Author Note: What can I say I was originally possessed to write this for iyfic-challenge for the challenge this week, which ironically was happy endings. Well it didn't turn out to be all that happy. So here's to hoping you enjoy my moment of insanity. It's a one shot, though if you've read my other work you'll probably notice that the main characters name pops up there too. What can I say...I like the name.


White Lotus

Kirika's fingers curled around the fragile green stem, crushing the leaf blades. It was said that the lotus was the wisest of them all. It knew where to bloom and how to bloom. The purest flower of all was born in adversity. White bangs wafted in her face, obscuring her vision of the grave before her. It was almost too small to be noticeable anymore, and yet it commanded her attention all the more. She dropped to her knees, digging her claws into the muck of ages past and drew aside the veil of vines. Kagome Higurashi, her fingers traced the script.
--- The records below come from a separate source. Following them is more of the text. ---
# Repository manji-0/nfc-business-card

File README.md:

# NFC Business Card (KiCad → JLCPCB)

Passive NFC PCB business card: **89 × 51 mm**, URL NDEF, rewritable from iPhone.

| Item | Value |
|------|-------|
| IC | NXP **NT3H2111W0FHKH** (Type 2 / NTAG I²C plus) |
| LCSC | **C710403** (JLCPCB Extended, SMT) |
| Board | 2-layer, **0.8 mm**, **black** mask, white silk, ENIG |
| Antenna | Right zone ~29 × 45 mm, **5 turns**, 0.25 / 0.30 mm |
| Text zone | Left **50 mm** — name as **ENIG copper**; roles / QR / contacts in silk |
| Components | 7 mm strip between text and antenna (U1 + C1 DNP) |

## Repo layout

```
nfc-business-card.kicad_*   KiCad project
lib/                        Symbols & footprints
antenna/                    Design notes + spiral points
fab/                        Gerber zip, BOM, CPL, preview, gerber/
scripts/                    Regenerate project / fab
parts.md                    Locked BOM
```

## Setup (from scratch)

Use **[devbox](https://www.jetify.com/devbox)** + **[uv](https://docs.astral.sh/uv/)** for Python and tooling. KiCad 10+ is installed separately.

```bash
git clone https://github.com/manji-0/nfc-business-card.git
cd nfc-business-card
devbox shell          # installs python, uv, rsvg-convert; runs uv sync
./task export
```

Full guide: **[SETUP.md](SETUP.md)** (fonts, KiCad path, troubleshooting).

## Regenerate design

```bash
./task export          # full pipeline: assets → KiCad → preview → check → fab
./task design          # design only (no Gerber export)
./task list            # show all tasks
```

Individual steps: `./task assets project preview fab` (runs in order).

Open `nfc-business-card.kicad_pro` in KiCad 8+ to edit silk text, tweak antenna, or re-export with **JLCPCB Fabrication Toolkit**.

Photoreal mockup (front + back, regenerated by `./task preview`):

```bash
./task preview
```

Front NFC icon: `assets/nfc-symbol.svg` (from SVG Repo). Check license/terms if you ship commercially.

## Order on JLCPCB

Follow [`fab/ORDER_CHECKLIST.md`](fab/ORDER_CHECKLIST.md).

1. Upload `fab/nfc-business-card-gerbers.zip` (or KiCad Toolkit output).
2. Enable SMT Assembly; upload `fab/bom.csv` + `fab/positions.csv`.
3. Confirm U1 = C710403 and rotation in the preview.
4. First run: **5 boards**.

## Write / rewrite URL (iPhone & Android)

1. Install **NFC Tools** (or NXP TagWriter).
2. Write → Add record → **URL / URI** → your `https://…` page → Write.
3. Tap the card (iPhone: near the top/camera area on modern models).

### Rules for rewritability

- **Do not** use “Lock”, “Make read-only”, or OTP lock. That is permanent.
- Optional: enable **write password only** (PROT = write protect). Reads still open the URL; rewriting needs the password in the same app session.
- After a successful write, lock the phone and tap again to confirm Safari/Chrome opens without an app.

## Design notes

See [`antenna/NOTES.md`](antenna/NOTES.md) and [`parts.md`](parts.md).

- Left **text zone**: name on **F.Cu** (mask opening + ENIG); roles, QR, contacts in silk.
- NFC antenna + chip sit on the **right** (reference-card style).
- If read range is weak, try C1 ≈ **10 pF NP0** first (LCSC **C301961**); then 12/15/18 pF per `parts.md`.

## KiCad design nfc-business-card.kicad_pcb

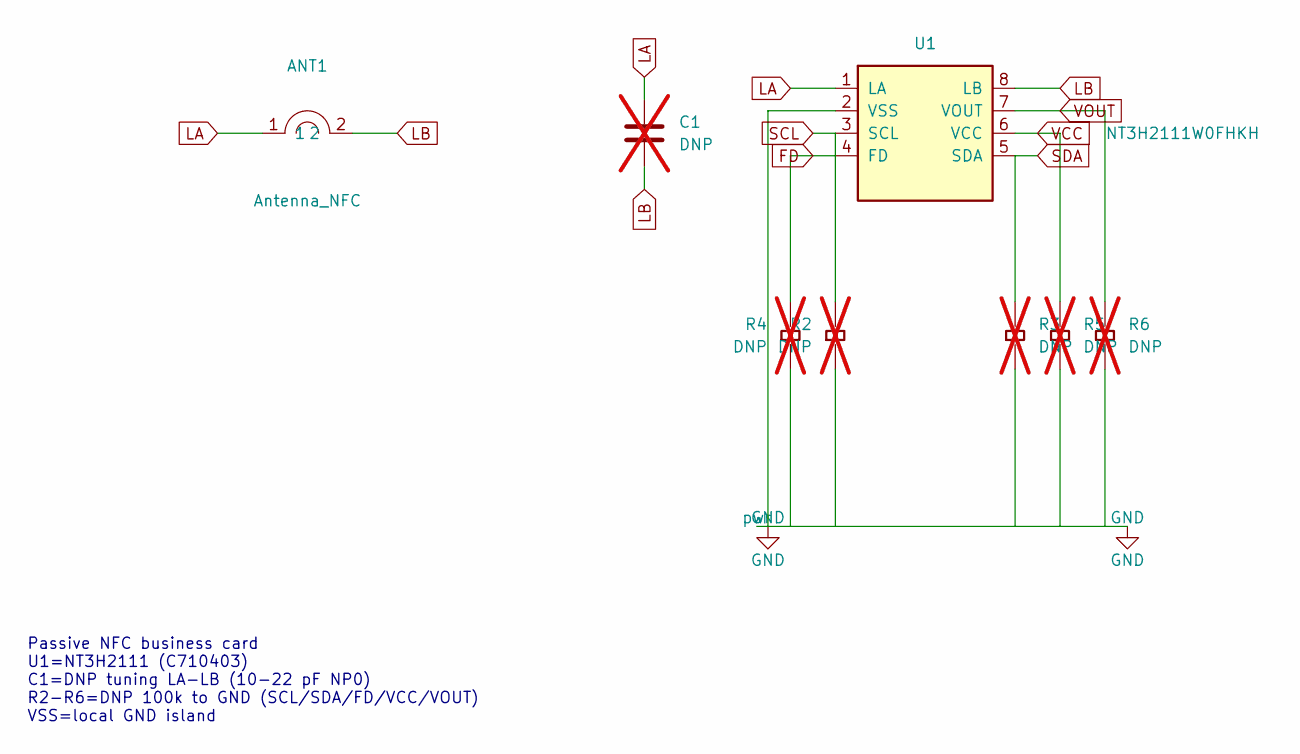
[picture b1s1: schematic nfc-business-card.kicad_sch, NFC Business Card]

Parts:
ANT1: Antenna_NFC; Antenna_Spiral_29x45_5T
C1: DNP; C_0402_1005Metric; LCSC Part # C301961; not fitted
R2, R3, R4, R5, R6: DNP; R_0402_1005Metric; LCSC Part # C60491; not fitted
U1: NT3H2111W0FHKH; XQFN-8_1.6x1.6mm_P0.4mm_NT3H2111; LCSC Part # C710403

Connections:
FD: R4.1, U1.4 (FD)
GND: R2.2, R3.2, R4.2, R5.2, R6.2, U1.2 (VSS); also elsewhere on the board
LA: ANT1.1, C1.1, U1.1 (LA)
LB: ANT1.2, C1.2, U1.8 (LB)
SCL: R2.1, U1.3 (SCL)
SDA: R3.1, U1.5 (SDA)
VCC: R5.1, U1.6 (VCC)
VOUT: R6.1, U1.7 (VOUT)

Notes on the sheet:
Passive NFC business card U1=NT3H2111 (C710403) C1=DNP tuning LA-LB (10-22 pF NP0) R2-R6=DNP 100k to GND (SCL/SDA/FD/VCC/VOUT) VSS=local GND island

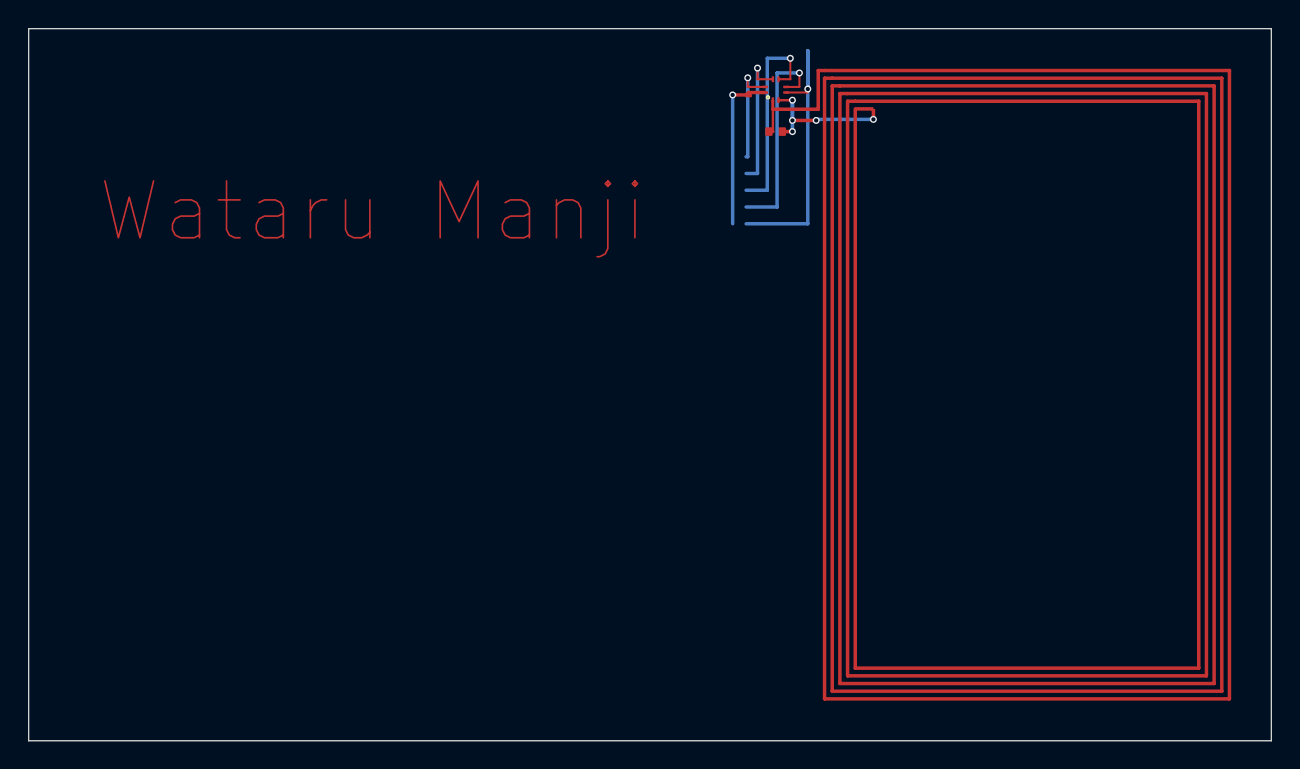
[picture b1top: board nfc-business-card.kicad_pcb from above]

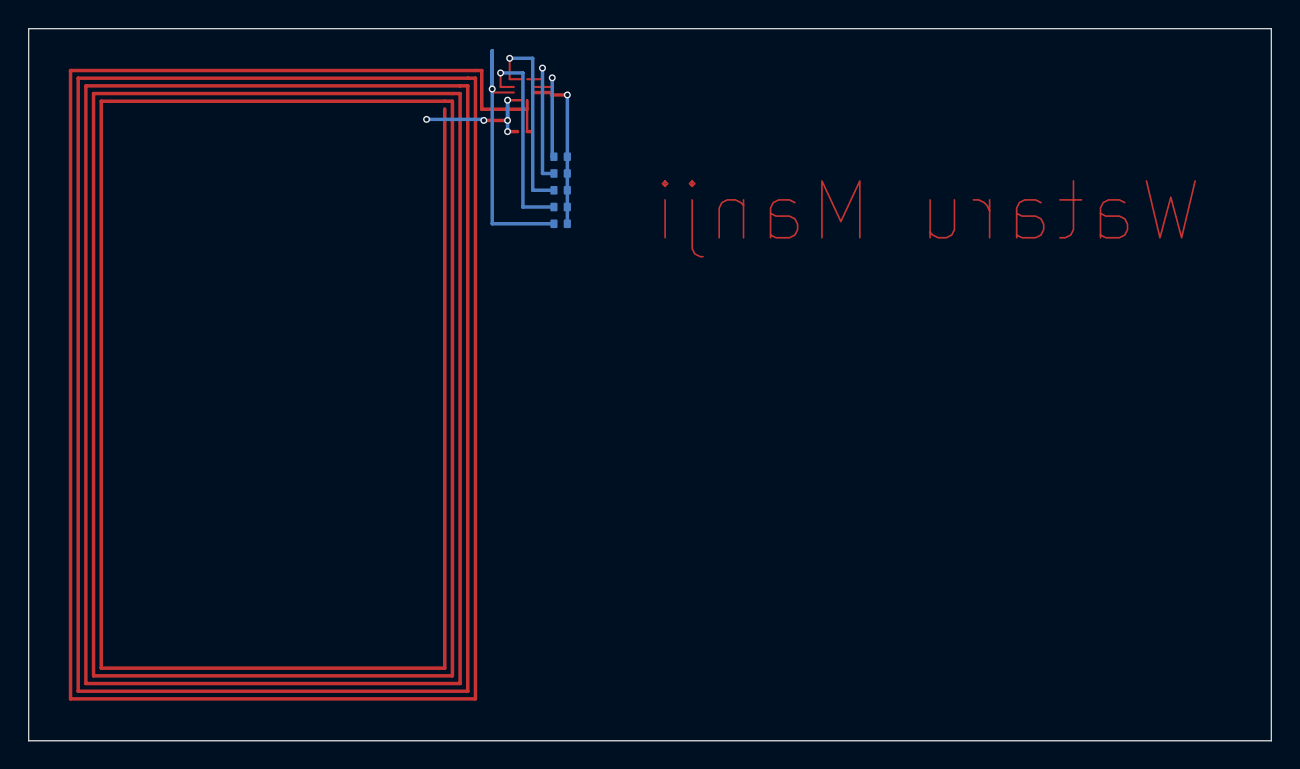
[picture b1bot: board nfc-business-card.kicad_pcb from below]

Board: 2 copper layers, 89.0 x 51.0 mm, 9 parts (5 on the bottom side), 8 nets.

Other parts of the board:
GND1: GND; GND_Island

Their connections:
GND: GND1.1; also elsewhere on the board

"Where are we going," Kirika asked, her little feet working hard to keep up with the stride of Aunt Kagome. "Auntie Kagome…"

Her aunt drew to a halt almost as if her voice had snapped her out of the hectic pace she was keeping. Long dark hair swirled around a face still young but dotted in places with the passage of time. Brown eyes reflected the smile upon her lips. Kagome knelt down before her, the folds of her auburn and gold kimono swirling down around her. "Want to see something special," Kagome asked.

Auntie Kagome always liked taking her places. It was almost like Kagome thought she was someone else. They were always fun journey's to go on, so she nodded in the affirmative.

Kagome plucked her from the ground settling her and all of her kimonos on one hip. Father didn't like that Kirika spent so much time with his bastard of a brother, but she liked Kagome. She liked Kagome's stories of adventures and places too magical to even be real. Places where trader carts were so big they took up entire fields, Kagome called them stores. Where things called rockets shot off to the moon.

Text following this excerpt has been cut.